Archives for category: nonprofit

Devastation of the magnitude of the earthquake in Haiti that killed *230,001 people in January 2010 stretches the bounds of our ability to comprehend the depth of brokenness and suffering in our world. News of tsunamis, tornadoes, and flooding shakes the earth and our faith.

From the outside, even our angriest shouts at God seem ridiculously small. Can we really figure out the meaning of suffering when so many people lose so much, so quickly? When the earth itself is ripped open with violence and disregard, what can we feel except very, very small?

The Safety Dance

In the church, we are often tempted to avoid suffering, to make life as safe or comfortable as possible (just listen to the way much Christian media is marketed, “Safe for the whole family”). At other times, we might Kinkade-ify suffering; that is, to gloss over the reality of pain, or to forge ahead by pretending everything’s great, thanks for asking.

Suffering With

Trying to walk alongside others who are suffering is a kind of suffering in itself. Compassion means to suffer with another person. Sweeping generalizations about the sovereignty of God lose their meaning when a friend has just lost a beloved child. Perhaps it’s more meaningful to sit in silence nearby, covered together in ashes and tears.

Suffering unites. As Dave Gibbons notes, not everyone can relate to our success or victories, but everyone can understand pain.
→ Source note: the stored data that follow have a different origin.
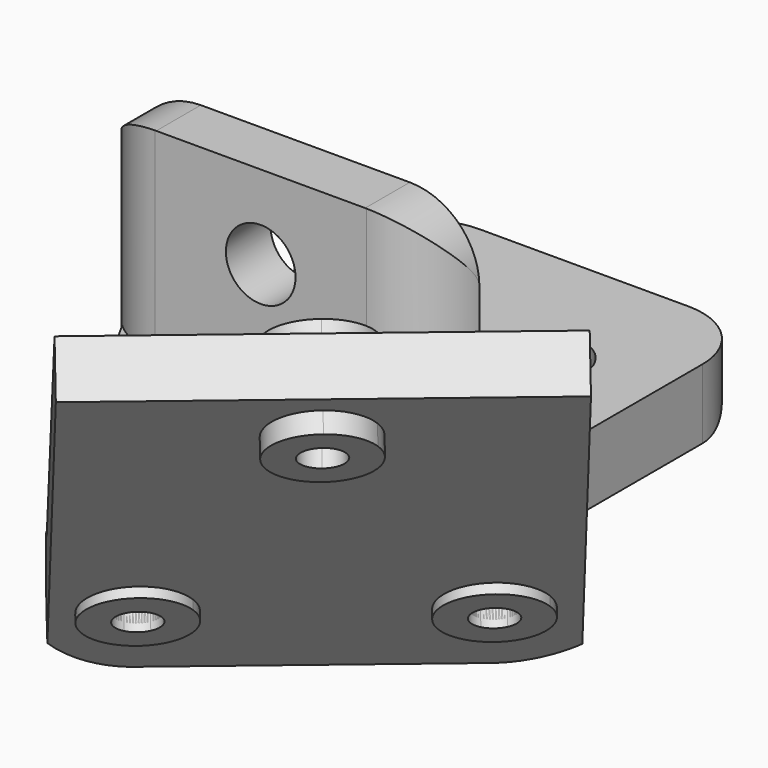
from build123d import *

# Parameters (mm, degrees)
F0_W           = 25
F0_H           = 25
F0_R           = 3
F1_DEPTH       = 5
F0_H_2         = 4
F2_DEPTH       = 18
F3_DEPTH       = 5
F4_R           = 2.5
F5_DEPTH       = 4
F7_DEPTH       = 4
F8_W           = 30
F8_H           = 8
F9_DEPTH       = 1
F11_DEPTH      = 30
F12_T1_DEPTH   = 50
F12_T3_DEPTH   = 30
F12_2_T1_DEPTH = 42.4948974279
F12_2_T3_DEPTH = 29
F12_3_T1_DEPTH = 29.4948974279
F12_4_F1_R     = 5
F12_4_F2_R     = 5
F14_DEPTH      = 1.5
F15_DEPTH      = 10
F14_FACE_R     = 3.5
F14_FACE_R_2   = 1.5
F16_DEPTH      = 10
F17_DEPTH      = 5.5


# Not quite as in the source:
# - a fillet or chamfer that OpenCascade refuses, or shapes differently, is made with other operations: its cross-section is extruded or revolved along the edge and cut away or added


with BuildPart() as f1:
    # F0 (on Top) → F1 (new body)
    with BuildSketch(Plane.XY):
        with Locations((0, 12.5)):
            Rectangle(F0_W, F0_H)
        with Locations((5, 15)):
            Circle(F0_R, mode=Mode.SUBTRACT)
    extrude(amount=-F1_DEPTH)

    # F12: fillet of radius 5 on 3 edges, made by hand

    # F12_s2 → F12_t1 (cut)
    with BuildSketch(Plane.YZ.offset(-25)):
        with BuildLine():
            ThreePointArc((25, 0), (23.5355339059, -3.5355339059), (20, -5))
            Line((20, -5), (25, -5))
            Line((25, -5), (25, 0))
        make_face()
    extrude(amount=F12_T1_DEPTH, mode=Mode.SUBTRACT)

    # F12_s4 → F12_t3 (cut)
    with BuildSketch(Plane.XY.offset(-17.5)):
        with BuildLine():
            ThreePointArc((12.5, 20), (11.0355339059, 23.5355339059), (7.5, 25))
            Line((7.5, 25), (12.5, 25))
            Line((12.5, 25), (12.5, 20))
        make_face()
        with BuildLine():
            ThreePointArc((-12.5, 20), (-11.0355339059, 23.5355339059), (-7.5, 25))
            Line((-7.5, 25), (-12.5, 25))
            Line((-12.5, 25), (-12.5, 20))
        make_face()
    extrude(amount=F12_T3_DEPTH, mode=Mode.SUBTRACT)


with BuildPart() as f2:
    # F0 (on Top) → F2 (new body)
    with BuildSketch(Plane.XY):
        with Locations((0, -2)):
            Rectangle(F0_W, F0_H_2)
    extrude(amount=F2_DEPTH)


with BuildPart() as f3:
    # F3 (new): a face of the model
    f3_faces = [f2.part.faces().sort_by_distance(p)[0] for p in [
        (0, -2, 0),
    ]]
    extrude(f3_faces, amount=F3_DEPTH)

    # F12#3: fillet of radius 5 on 1 edges, made by hand

    # F12_3_s2 → F12_3_t1 (cut)
    with BuildSketch(Plane.XY.offset(-17.2474487139)):
        with BuildLine():
            ThreePointArc((7.6010205144, -4), (10.7632981746, -2.8729833462), (12.5, 0))
            Line((12.5, 0), (12.5, -4))
            Line((12.5, -4), (7.6010205144, -4))
        make_face()
    extrude(amount=F12_3_T1_DEPTH, mode=Mode.SUBTRACT)


with BuildPart() as f2_1:
    add(f2.part)

    # F4 (on face) → F5 (cut)
    with BuildSketch(Plane(origin=(0, 0, 0), x_dir=(-1, 0, 0), z_dir=(0, 1, 0))):
        with Locations((0, 12)):
            Circle(F4_R)
    extrude(amount=-F5_DEPTH, mode=Mode.SUBTRACT)

    # F12#2: fillet of radius 5 on 4 edges, made by hand

    # F12_2_s2 → F12_2_t1 (cut)
    with BuildSketch(Plane.XY.offset(-12.2474487139)):
        with BuildLine():
            ThreePointArc((12.5, 0), (10.7632981746, -2.8729833462), (7.6010205144, -4))
            Line((7.6010205144, -4), (12.5, -4))
            Line((12.5, -4), (12.5, 0))
        make_face()
        with BuildLine():
            ThreePointArc((-12.5, 0), (-10.7632981746, -2.8729833462), (-7.6010205144, -4))
            Line((-7.6010205144, -4), (-12.5, -4))
            Line((-12.5, -4), (-12.5, 0))
        make_face()
    extrude(amount=F12_2_T1_DEPTH, mode=Mode.SUBTRACT)

    # F12_2_s4 → F12_2_t3 (cut)
    with BuildSketch(Plane.XZ.offset(-12.5)):
        with BuildLine():
            ThreePointArc((-7.5, 18), (-11.0355339059, 16.5355339059), (-12.5, 13))
            Line((-12.5, 13), (-12.5, 18))
            Line((-12.5, 18), (-7.5, 18))
        make_face()
        with BuildLine():
            ThreePointArc((12.5, 13), (11.0355339059, 16.5355339059), (7.5, 18))
            Line((7.5, 18), (12.5, 18))
            Line((12.5, 18), (12.5, 13))
        make_face()
    extrude(amount=F12_2_T3_DEPTH, mode=Mode.SUBTRACT)


with BuildPart() as f7:
    # F6 (on Top) → F7 (new body, symmetric)
    with BuildSketch(Plane.XY):
        Polygon((12.8557521937, -15.3208888624), (0, 0), (-12.5, 0), (1.3650855469, -24.9627030077), align=None)
        Polygon((12.5, 0), (0, 0), (12.8557521937, -15.3208888624), (24.3464188405, -5.6790747171), align=None)
    extrude(amount=F7_DEPTH, both=True)

    # F8 (on face) → F9 (join)
    with BuildSketch(Plane(origin=(12.8557521937, -15.3208888624, 0), x_dir=(0.7660444431, 0.6427876097, 0), z_dir=(0.6427876097, -0.7660444431, 0))):
        Rectangle(F8_W, F8_H)
    extrude(amount=F9_DEPTH)

    # F10 (on face) → F11 (join, through all)
    with BuildSketch(Plane(origin=(11.4906666468, 9.6418141453, 0), x_dir=(-0.6427876097, 0.7660444431, 0), z_dir=(0.7660444431, 0.6427876097, 0))):
        Polygon((-21, -4), (-21, 4), (-40.2836282906, 26.9813332936), (-43.3478060631, 24.4101828548), align=None)
    extrude(amount=-F11_DEPTH)

    # F12#4: fillet of radius 5 on 2 edges, made by hand

    # F12_4_f1
    f12_4_f1_edges = [f7.edges().sort_by_distance(p)[0] for p in [
        (-5.5674572265, -12.4813515038, -4),
    ]]
    fillet(f12_4_f1_edges, radius=F12_4_F1_R)

    # F12_4_f2
    f12_4_f2_edges = [f7.edges().sort_by_distance(p)[0] for p in [
        (18.4232094203, -2.8395373585, -4),
    ]]
    fillet(f12_4_f2_edges, radius=F12_4_F2_R)

    # F13 (on face) → F15 (cut, symmetric)
    with BuildSketch(Plane(origin=(6.6552238776, -7.9313869657, -8.687777762), x_dir=(0.8703668321, 0.3319915759, 0.3636525418), z_dir=(-0.4924038765, 0.5868240888, 0.6427876097))):
        with BuildLine():
            ThreePointArc((19.0183601074, -35.2607900987), (18.4102225056, -37.293071737), (20.4425041439, -37.9012093388))
            Line((20.4425041439, -37.9012093388), (19.7304321257, -36.5809997188))
            Line((19.7304321257, -36.5809997187), (19.0183601074, -35.2607900987))
        make_face()
        with BuildLine():
            Line((19.7304321257, -36.5809997188), (20.4425041439, -37.9012093388))
            ThreePointArc((20.4425041439, -37.9012093388), (21.0184748321, -37.3497298315), (21.2304321257, -36.5809997188))
            ThreePointArc((21.2304321257, -36.5809997188), (20.4991622385, -35.2929570123), (19.0183601074, -35.2607900987))
            Line((19.0183601074, -35.2607900987), (19.7304321257, -36.5809997187))
        make_face()
        with BuildLine():
            Line((-0.280196035, -18.969408903), (-1.5974685891, -19.679896777))
            ThreePointArc((-1.5974685891, -19.679896777), (-0.7317958781, -21.9116872473), (1.1782967704, -20.4688345106))
            ThreePointArc((1.1782967704, -20.4688345106), (0.7535318126, -19.4229522974), (-0.280196035, -18.969408903))
        make_face()
        with BuildLine():
            ThreePointArc((-0.280196035, -18.969408903), (-1.0337752479, -19.1486248906), (-1.5974685891, -19.679896777))
            Line((-1.5974685891, -19.679896777), (-0.280196035, -18.969408903))
        make_face()
        with BuildLine():
            Line((16.0053263446, -10.1856032003), (17.3225988986, -9.4751153263))
            ThreePointArc((17.3225988986, -9.4751153263), (16.5690196858, -9.6543313139), (16.0053263446, -10.1856032003))
        make_face()
        with BuildLine():
            ThreePointArc((18.7810917041, -10.9745409339), (18.3563267462, -9.9286587206), (17.3225988986, -9.4751153263))
            Line((17.3225988986, -9.4751153263), (16.0053263446, -10.1856032003))
            ThreePointArc((16.0053263446, -10.1856032003), (15.7817488172, -10.9301460285), (15.960882084, -11.6866129522))
            ThreePointArc((15.960882084, -11.6866129522), (17.6483011606, -12.4288989418), (18.7810917041, -10.9745409339))
        make_face()
    extrude(amount=F15_DEPTH, both=True, mode=Mode.SUBTRACT)

    # F14_face (on face) → F16 (cut)
    with BuildSketch(Plane(origin=(5.636618242, -22.2746983085, 5.9600391905), x_dir=(0.8703668321, 0.3319915759, 0.3636525418), z_dir=(-0.4924038765, 0.5868240888, 0.6427876097))):
        Circle(F14_FACE_R)
        Circle(F14_FACE_R_2, mode=Mode.SUBTRACT)
        with Locations((20.0521353553, -16.1121652081)):
            Circle(F14_FACE_R)
        with Locations((20.0521353553, -16.1121652081)):
            Circle(F14_FACE_R_2, mode=Mode.SUBTRACT)
        with Locations((17.6027949337, 9.4942935767)):
            Circle(F14_FACE_R)
        with Locations((17.6027949337, 9.4942935767)):
            Circle(F14_FACE_R_2, mode=Mode.SUBTRACT)
    extrude(amount=F16_DEPTH, mode=Mode.SUBTRACT)


with BuildPart() as f14:
    # F13 (on face) → F14 (new body)
    with BuildSketch(Plane(origin=(6.6552238776, -7.9313869657, -8.687777762), x_dir=(0.8703668321, 0.3319915759, 0.3636525418), z_dir=(-0.4924038765, 0.5868240888, 0.6427876097))):
        with BuildLine():
            ThreePointArc((18.0689307498, -33.5005106053), (16.6499430123, -38.2425010947), (21.3919335016, -39.6614888321))
            Line((21.3919335016, -39.6614888321), (20.4425041439, -37.9012093388))
            ThreePointArc((20.4425041439, -37.9012093388), (18.4102225056, -37.293071737), (19.0183601074, -35.2607900987))
            Line((19.0183601074, -35.2607900987), (18.0689307498, -33.5005106053))
        make_face()
        with BuildLine():
            Line((20.4425041439, -37.9012093388), (21.3919335016, -39.6614888321))
            ThreePointArc((21.3919335016, -39.6614888321), (22.7358651074, -38.3747033153), (23.2304321257, -36.5809997188))
            ThreePointArc((23.2304321257, -36.5809997188), (21.5241357222, -33.575566737), (18.0689307498, -33.5005106053))
            Line((18.0689307498, -33.5005106053), (19.0183601074, -35.2607900987))
            ThreePointArc((19.0183601074, -35.2607900987), (20.4991622385, -35.2929570123), (21.2304321257, -36.5809997188))
            ThreePointArc((21.2304321257, -36.5809997188), (21.0184748321, -37.3497298315), (20.4425041439, -37.9012093388))
        make_face()
    extrude(amount=F14_DEPTH)


with BuildPart() as f14b:
    # F13 (on face) → F14, piece 2 (new body)
    with BuildSketch(Plane(origin=(6.6552238776, -7.9313869657, -8.687777762), x_dir=(0.8703668321, 0.3319915759, 0.3636525418), z_dir=(-0.4924038765, 0.5868240888, 0.6427876097))):
        with BuildLine():
            ThreePointArc((20.7810917041, -10.9745409339), (20.4513009209, -9.4913775842), (19.524078263, -8.2877191504))
            Line((19.524078263, -8.2877191504), (17.3225988986, -9.4751153263))
            ThreePointArc((17.3225988986, -9.4751153263), (18.3563267462, -9.9286587206), (18.7810917041, -10.9745409339))
            ThreePointArc((18.7810917041, -10.9745409339), (17.6483011606, -12.4288989418), (15.960882084, -11.6866129522))
            Line((15.960882084, -11.6866129522), (14.2006025907, -12.6360423098))
            ThreePointArc((14.2006025907, -12.6360423098), (18.1379137693, -14.3680429522), (20.7810917041, -10.9745409339))
        make_face()
        with BuildLine():
            Line((17.3225988986, -9.4751153263), (19.524078263, -8.2877191504))
            ThreePointArc((19.524078263, -8.2877191504), (15.6195903281, -7.8940518205), (13.8038469802, -11.3729993761))
            Line((13.8038469802, -11.3729993761), (16.0053263446, -10.1856032003))
            ThreePointArc((16.0053263446, -10.1856032003), (16.5690196858, -9.6543313139), (17.3225988986, -9.4751153263))
        make_face()
        with BuildLine():
            ThreePointArc((13.8038469802, -11.3729993761), (13.9419619322, -12.0234510191), (14.2006025907, -12.6360423098))
            Line((14.2006025907, -12.6360423098), (15.960882084, -11.6866129522))
            ThreePointArc((15.960882084, -11.6866129522), (15.7817488172, -10.9301460285), (16.0053263446, -10.1856032003))
            Line((16.0053263446, -10.1856032003), (13.8038469802, -11.3729993761))
        make_face()
    extrude(amount=F14_DEPTH)


with BuildPart() as f14c:
    # F13 (on face) → F14, piece 3 (new body)
    with BuildSketch(Plane(origin=(6.6552238776, -7.9313869657, -8.687777762), x_dir=(0.8703668321, 0.3319915759, 0.3636525418), z_dir=(-0.4924038765, 0.5868240888, 0.6427876097))):
        with BuildLine():
            Line((-1.5974685891, -19.679896777), (-3.7989479535, -20.8672929529))
            ThreePointArc((-3.7989479535, -20.8672929529), (-0.1221493943, -23.9631410608), (3.1782967704, -20.4688345106))
            ThreePointArc((3.1782967704, -20.4688345106), (2.8485059872, -18.985671161), (1.9212833294, -17.7820127271))
            Line((1.9212833294, -17.7820127271), (-0.280196035, -18.969408903))
            ThreePointArc((-0.280196035, -18.969408903), (0.7535318126, -19.4229522974), (1.1782967704, -20.4688345106))
            ThreePointArc((1.1782967704, -20.4688345106), (-0.7317958781, -21.9116872473), (-1.5974685891, -19.679896777))
        make_face()
        with BuildLine():
            ThreePointArc((1.9212833294, -17.7820127271), (-1.9832046056, -17.3883453972), (-3.7989479535, -20.8672929529))
            Line((-3.7989479535, -20.8672929529), (-1.5974685891, -19.679896777))
            ThreePointArc((-1.5974685891, -19.679896777), (-1.0337752479, -19.1486248906), (-0.280196035, -18.969408903))
            Line((-0.280196035, -18.969408903), (1.9212833294, -17.7820127271))
        make_face()
    extrude(amount=F14_DEPTH)


with BuildPart() as f17:
    # F13 (on face) → F17 (new body)
    with BuildSketch(Plane(origin=(6.6552238776, -7.9313869657, -8.687777762), x_dir=(0.8703668321, 0.3319915759, 0.3636525418), z_dir=(-0.4924038765, 0.5868240888, 0.6427876097))):
        with BuildLine():
            ThreePointArc((18.0689307498, -33.5005106053), (16.6499430123, -38.2425010947), (21.3919335016, -39.6614888321))
            Line((21.3919335016, -39.6614888321), (20.4425041439, -37.9012093388))
            ThreePointArc((20.4425041439, -37.9012093388), (18.4102225056, -37.293071737), (19.0183601074, -35.2607900987))
            Line((19.0183601074, -35.2607900987), (18.0689307498, -33.5005106053))
        make_face()
        with BuildLine():
            Line((20.4425041439, -37.9012093388), (21.3919335016, -39.6614888321))
            ThreePointArc((21.3919335016, -39.6614888321), (22.7358651074, -38.3747033153), (23.2304321257, -36.5809997188))
            ThreePointArc((23.2304321257, -36.5809997188), (21.5241357222, -33.575566737), (18.0689307498, -33.5005106053))
            Line((18.0689307498, -33.5005106053), (19.0183601074, -35.2607900987))
            ThreePointArc((19.0183601074, -35.2607900987), (20.4991622385, -35.2929570123), (21.2304321257, -36.5809997188))
            ThreePointArc((21.2304321257, -36.5809997188), (21.0184748321, -37.3497298315), (20.4425041439, -37.9012093388))
        make_face()
    extrude(amount=-F17_DEPTH)


with BuildPart() as f17b:
    # F13 (on face) → F17, piece 2 (new body)
    with BuildSketch(Plane(origin=(6.6552238776, -7.9313869657, -8.687777762), x_dir=(0.8703668321, 0.3319915759, 0.3636525418), z_dir=(-0.4924038765, 0.5868240888, 0.6427876097))):
        with BuildLine():
            Line((-1.5974685891, -19.679896777), (-3.7989479535, -20.8672929529))
            ThreePointArc((-3.7989479535, -20.8672929529), (-0.1221493943, -23.9631410608), (3.1782967704, -20.4688345106))
            ThreePointArc((3.1782967704, -20.4688345106), (2.8485059872, -18.985671161), (1.9212833294, -17.7820127271))
            Line((1.9212833294, -17.7820127271), (-0.280196035, -18.969408903))
            ThreePointArc((-0.280196035, -18.969408903), (0.7535318126, -19.4229522974), (1.1782967704, -20.4688345106))
            ThreePointArc((1.1782967704, -20.4688345106), (-0.7317958781, -21.9116872473), (-1.5974685891, -19.679896777))
        make_face()
        with BuildLine():
            ThreePointArc((1.9212833294, -17.7820127271), (-1.9832046056, -17.3883453972), (-3.7989479535, -20.8672929529))
            Line((-3.7989479535, -20.8672929529), (-1.5974685891, -19.679896777))
            ThreePointArc((-1.5974685891, -19.679896777), (-1.0337752479, -19.1486248906), (-0.280196035, -18.969408903))
            Line((-0.280196035, -18.969408903), (1.9212833294, -17.7820127271))
        make_face()
    extrude(amount=-F17_DEPTH)


with BuildPart() as f17c:
    # F13 (on face) → F17, piece 3 (new body)
    with BuildSketch(Plane(origin=(6.6552238776, -7.9313869657, -8.687777762), x_dir=(0.8703668321, 0.3319915759, 0.3636525418), z_dir=(-0.4924038765, 0.5868240888, 0.6427876097))):
        with BuildLine():
            Line((17.3225988986, -9.4751153263), (19.524078263, -8.2877191504))
            ThreePointArc((19.524078263, -8.2877191504), (15.6195903281, -7.8940518205), (13.8038469802, -11.3729993761))
            Line((13.8038469802, -11.3729993761), (16.0053263446, -10.1856032003))
            ThreePointArc((16.0053263446, -10.1856032003), (16.5690196858, -9.6543313139), (17.3225988986, -9.4751153263))
        make_face()
        with BuildLine():
            ThreePointArc((20.7810917041, -10.9745409339), (20.4513009209, -9.4913775842), (19.524078263, -8.2877191504))
            Line((19.524078263, -8.2877191504), (17.3225988986, -9.4751153263))
            ThreePointArc((17.3225988986, -9.4751153263), (18.3563267462, -9.9286587206), (18.7810917041, -10.9745409339))
            ThreePointArc((18.7810917041, -10.9745409339), (17.6483011606, -12.4288989418), (15.960882084, -11.6866129522))
            Line((15.960882084, -11.6866129522), (14.2006025907, -12.6360423098))
            ThreePointArc((14.2006025907, -12.6360423098), (18.1379137693, -14.3680429522), (20.7810917041, -10.9745409339))
        make_face()
        with BuildLine():
            ThreePointArc((13.8038469802, -11.3729993761), (13.9419619322, -12.0234510191), (14.2006025907, -12.6360423098))
            Line((14.2006025907, -12.6360423098), (15.960882084, -11.6866129522))
            ThreePointArc((15.960882084, -11.6866129522), (15.7817488172, -10.9301460285), (16.0053263446, -10.1856032003))
            Line((16.0053263446, -10.1856032003), (13.8038469802, -11.3729993761))
        make_face()
    extrude(amount=-F17_DEPTH)


solid = Compound([f1.part, f3.part, f2_1.part, f7.part, f14.part, f14b.part, f14c.part, f17.part, f17b.part, f17c.part])
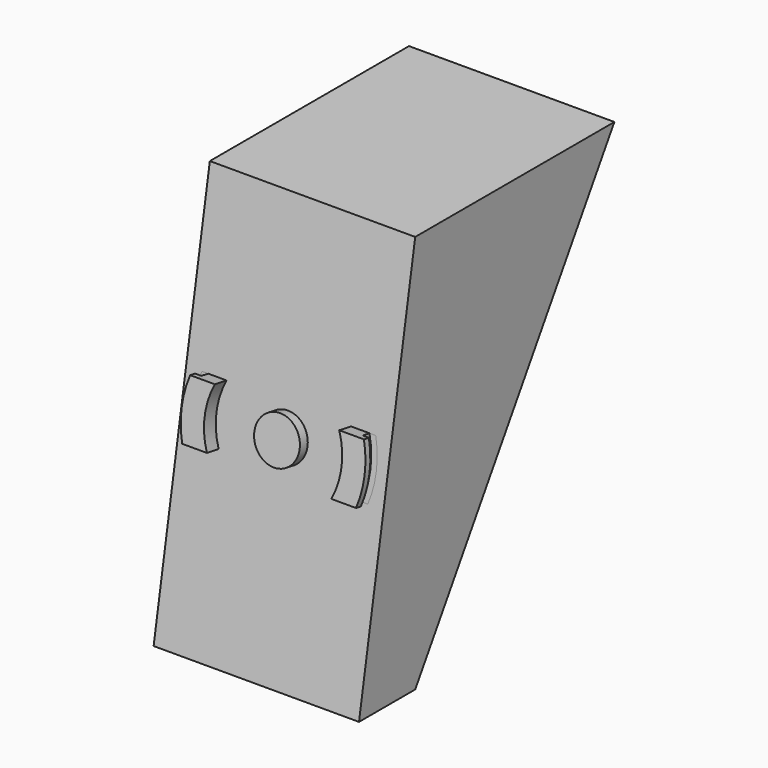
from build123d import *

# Parameters (mm, degrees)
F1_DEPTH = 41.91
F2_R     = 4.6355
F3_DEPTH = 2.032
F4_DEPTH = 3.048
F5_DEPTH = 1.778


with BuildPart() as f1:
    # F0 (on Right) → F1 (new body)
    with BuildSketch(Plane.YZ):
        Polygon((50.8, 0), (0, 0), (-14.3346570664, -81.2958800112), (0, -81.2958800112), align=None)
    extrude(amount=-F1_DEPTH)

    # F2 (on face) → F3 (join)
    with BuildSketch(Plane(origin=(0, 0, 0), x_dir=(1, 0, 0), z_dir=(0, -0.984807753, 0.1736481777))):
        with Locations((-20.955, -40.64)):
            Circle(F2_R)
    extrude(amount=F3_DEPTH)

    # F2 (on face) → F4 (join)
    with BuildSketch(Plane(origin=(0, 0, 0), x_dir=(1, 0, 0), z_dir=(0, -0.984807753, 0.1736481777))):
        with BuildLine():
            ThreePointArc((-8.2651640673, -34.798), (-6.985, -40.64), (-8.2651640673, -46.482))
            Line((-8.2651640673, -46.482), (-4.4986959724, -46.482))
            ThreePointArc((-4.4986959724, -46.482), (-3.4925, -40.64), (-4.4986959724, -34.798))
            Line((-4.4986959724, -34.798), (-8.2651640673, -34.798))
        make_face()
        with BuildLine():
            ThreePointArc((-4.4986959724, -34.798), (-3.4925, -40.64), (-4.4986959724, -46.482))
            Line((-4.4986959724, -46.482), (-3.2235985607, -46.482))
            ThreePointArc((-3.2235985607, -46.482), (-2.286, -40.64), (-3.2235985607, -34.798))
            Line((-3.2235985607, -34.798), (-4.4986959724, -34.798))
        make_face()
    extrude(amount=F4_DEPTH)

    # F2 (on face) → F5 (cut)
    with BuildSketch(Plane(origin=(0, 0, 0), x_dir=(1, 0, 0), z_dir=(0, -0.984807753, 0.1736481777))):
        with BuildLine():
            ThreePointArc((-4.4986959724, -34.798), (-3.4925, -40.64), (-4.4986959724, -46.482))
            Line((-4.4986959724, -46.482), (-3.2235985607, -46.482))
            ThreePointArc((-3.2235985607, -46.482), (-2.286, -40.64), (-3.2235985607, -34.798))
            Line((-3.2235985607, -34.798), (-4.4986959724, -34.798))
        make_face()
    extrude(amount=F5_DEPTH, mode=Mode.SUBTRACT)

    # F7: F1 across plane


with BuildPart() as f1_1:
    add(f1.part)
    add(f1.part.mirror(Plane(origin=(-20.955, 12.1551143112, -33.0624182644), x_dir=(0, 1, 0), z_dir=(1, 0, 0))))


solid = f1_1.part
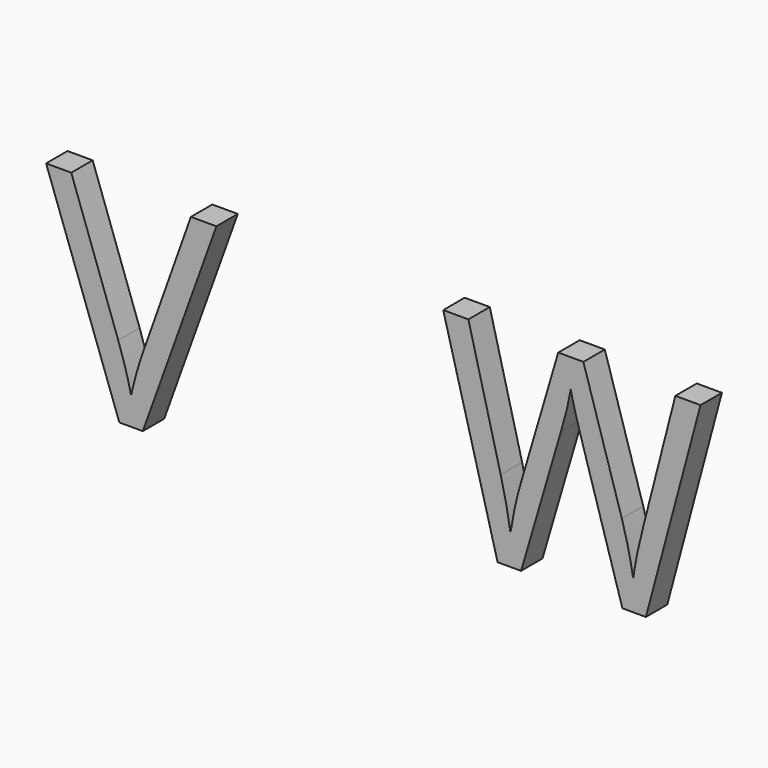
from build123d import *

# Parameters (mm, degrees)
F0_TEXT_SIZE = 135.7550577571
F1_DEPTH     = 12.7


# Not quite as in the source:
# - Text() gives the source's letters only with a copy of the font that has no kerning and outlines rounded to 1/6400 em; it was checked with that copy


with BuildPart() as f1:
    # F0 (on Front) → F1 (new body)
    with BuildSketch(Plane.XZ):
        with Locations((-57.4111714959, -56.2400110066)):
            Text('V   W', F0_TEXT_SIZE, font='Open Sans', text_align=(TextAlign.LEFT, TextAlign.BOTTOM))
    extrude(amount=F1_DEPTH)


solid = f1.part

Not that we’re called to seek out hardship as an end in itself; rather, to face with courage the reality of our broken world, and to share with empathy in the suffering of our neighbors.

After Shock

Kent Annan, co-director of Haiti Partners, has worked in Haiti since 2003. After Shock: Searching for Honest Faith When Your World is Shaken is Kent’s psalm to God — anguish, confusion, hope — in the aftermath of the earthquake in Haiti.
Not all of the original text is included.